Hi, Which information exactly do you need? I can provide you any information you may require if you explain me how to gather it (I'm not as good as most of you). Regarding testing. I don't want to use testing in this computer as it has some sensitive data. Regarding non mounting at boot it is rather not a good option. First, I like my disks to be check up periodically, this is fairly well done at boot. Second, This is a file server besides a desktop, so not always kde/gnome... are in use. I really think it is redundant to have to use another tool than fstab to mount disks only for the seek of speeding up the boot process. I really don't see the point of speeding the things up if they make everything else unstable. I honestly think that we are trying to build a house starting from the roof. First stability and then if possible speed. Hector On 6 June 2011 13:13, Tom Gundersen <teg@jklm.no> wrote:
On Mon, Jun 6, 2011 at 10:37 AM, Hector Martinez-Seara <hseara@gmail.com> wrote:
t 4 days I've been again experiencing problems with my usb disks at boot. Right now it is not as bad as before, it fails around 75% of the boots which is still unacceptable. The problem was totally solved with udev-168-2. But at some point, currently udev-171-1, the problem was back. Sorry I can not be more precise as I don't boot the system every day. Has been any changes again in this respect?

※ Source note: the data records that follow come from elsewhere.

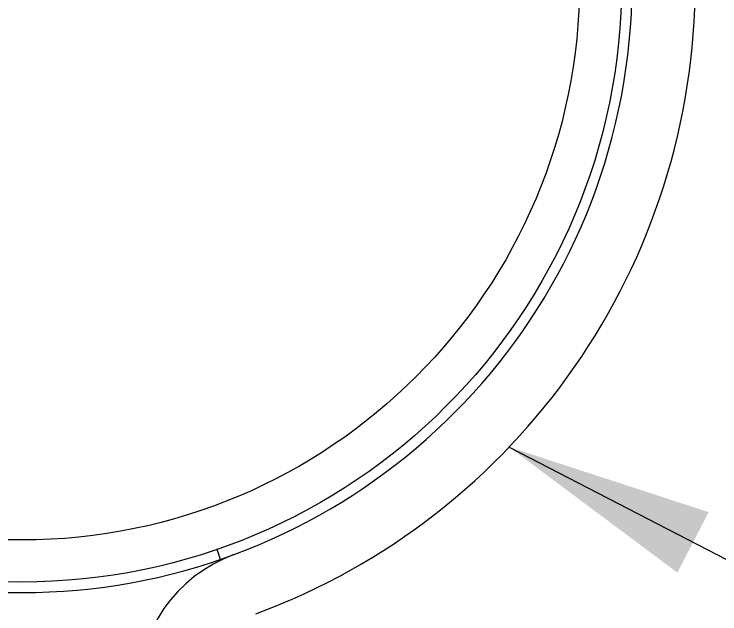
# Model space of a CAD drawing. Extents: x -191212 to 1245715665, y -234495 to 250873.
# Drawn here: x 180498.3 to 180725.1, y 130089.3 to 130281.9 of the extents above; entities that cross this region are included whole.
import ezdxf

# ---------------------------------------------------------------- set-up
doc = ezdxf.new("R2010")
doc.units = 0
doc.header["$LTSCALE"] = 500
doc.layers.get('0').update_dxf_attribs({"linetype": 'CONTINUOUS'})
doc.layers.add('PUB_TEXT', color=7, linetype='CONTINUOUS')
doc.styles.get("Standard").update_dxf_attribs({"font": 'tssdeng.shx', "width": 0.7, "bigfont": 'hztxt.shx'})
doc.dimstyles.get("Standard").update_dxf_attribs({"dimscale": 100, "dimtxt": 3.5, "dimasz": 1, "dimexe": 2.5, "dimexo": 3, "dimgap": 1.5, "dimtad": 1, "dimdec": 0, "dimzin": 0, "dimdsep": 46, "dimtxsty": 'Standard', "dimblk": 'ARCHTICK', "dimcen": 0.09, "dimadec": 0, "dimazin": 0, "dimtfac": 1, "dimtdec": 0, "dimtix": 1, "dimtmove": 2, "dimatfit": 3, "dimfxl": 1, "dimtolj": 1, "dimtzin": 0, "dimarcsym": 0})

# ---------------------------------------------------------------- blocks, each defined once
blk = doc.blocks.new('_ArchTick')
at = {"color": 0, "linetype": 'ByBlock', "const_width": 0.4}
blk.add_lwpolyline([(-0.5, -0.5), (0.5, 0.5)], dxfattribs=at)
blk = doc.blocks.new('deeeeee')
at = {"linetype": 'Continuous'}
blk.add_line((-471660.71, -354624.11), (-471662.37, -354619.31), dxfattribs=at)
for radius in [289.67, 269.35]:
    blk.add_circle((-471756.68, -354345.41), radius, dxfattribs=at)
for centre, radius, start, end in [((-471756.68, -354345.41), 325.25, 290.3175, 69.6825), ((-471756.68, -354345.41), 294.76, 109, 71), ((-471629.63, -354688.55), 71.15, 110.3175, 180)]:
    blk.add_arc(centre, radius, start, end, dxfattribs=at)
blk.add_leader([(-471521.34, -354569.92), (-471197.62, -354737.62)], dimstyle='Standard', override={"dimgap": 20, "dimtad": 0})

msp = doc.modelspace()

# ---------------------------------------------------------------- block references
at = {"layer": 'PUB_TEXT', "xscale": 0.6652800000000001, "yscale": 0.6652800000000001, "zscale": 0.6652800000000001}
msp.add_blockref('deeeeee', (494351.1, 366031.13), dxfattribs=at)

doc.saveas('drawing.dxf')
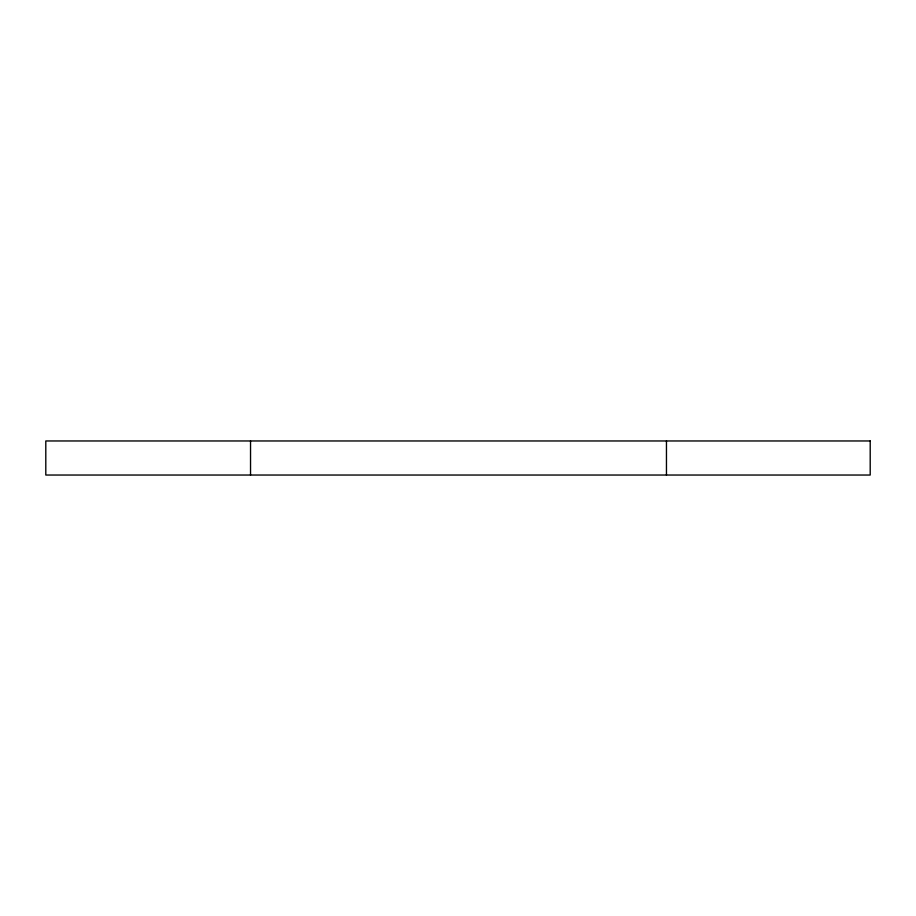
<?xml version="1.0" encoding="UTF-8"?>
<svg xmlns="http://www.w3.org/2000/svg" width="916" height="916" viewBox="0 0 916 916"><rect width="100%" height="100%" fill="white"/><g stroke="black" fill="none" stroke-linecap="round" stroke-linejoin="round"><path stroke-width="1.37" d="M666.459 440.962L666.459 475.038M250.537 440.962L250.537 475.038M870.2 440.962L45.8 440.962L45.8 475.038L870.2 475.038L870.2 440.962"/></g></svg>

We have been speeding up boot with the recent udev releases, so any race conditions will be more pronounced than before. There might of course be a bug in udev which is not just a race, but then I would need more info (like which exact version breaks for you, and maybe have a try with [testing], as there is lots of news stuff there).
As I said before:
"That said, there is a fundamental problem with usb drives, so we cannot reliably mount them at boot (it probably will work in practice though). The problem is that there is no way to know when all usb devices have been enumerated (even if the drivers are loaded), so we don't know how long to wait before trying to mount them.
This is the kind of problems solved by systemd (in community), and it is out of scope for the standard sysvinit initscripts (unless there is a solution that I am not aware of)."
Another option, if usb is not actually needed for booting (as in your case) is to have some software do automounting when the device appears (KDE/GNOME can do this, I'm sure there are others too, but I'm not too familiar with it).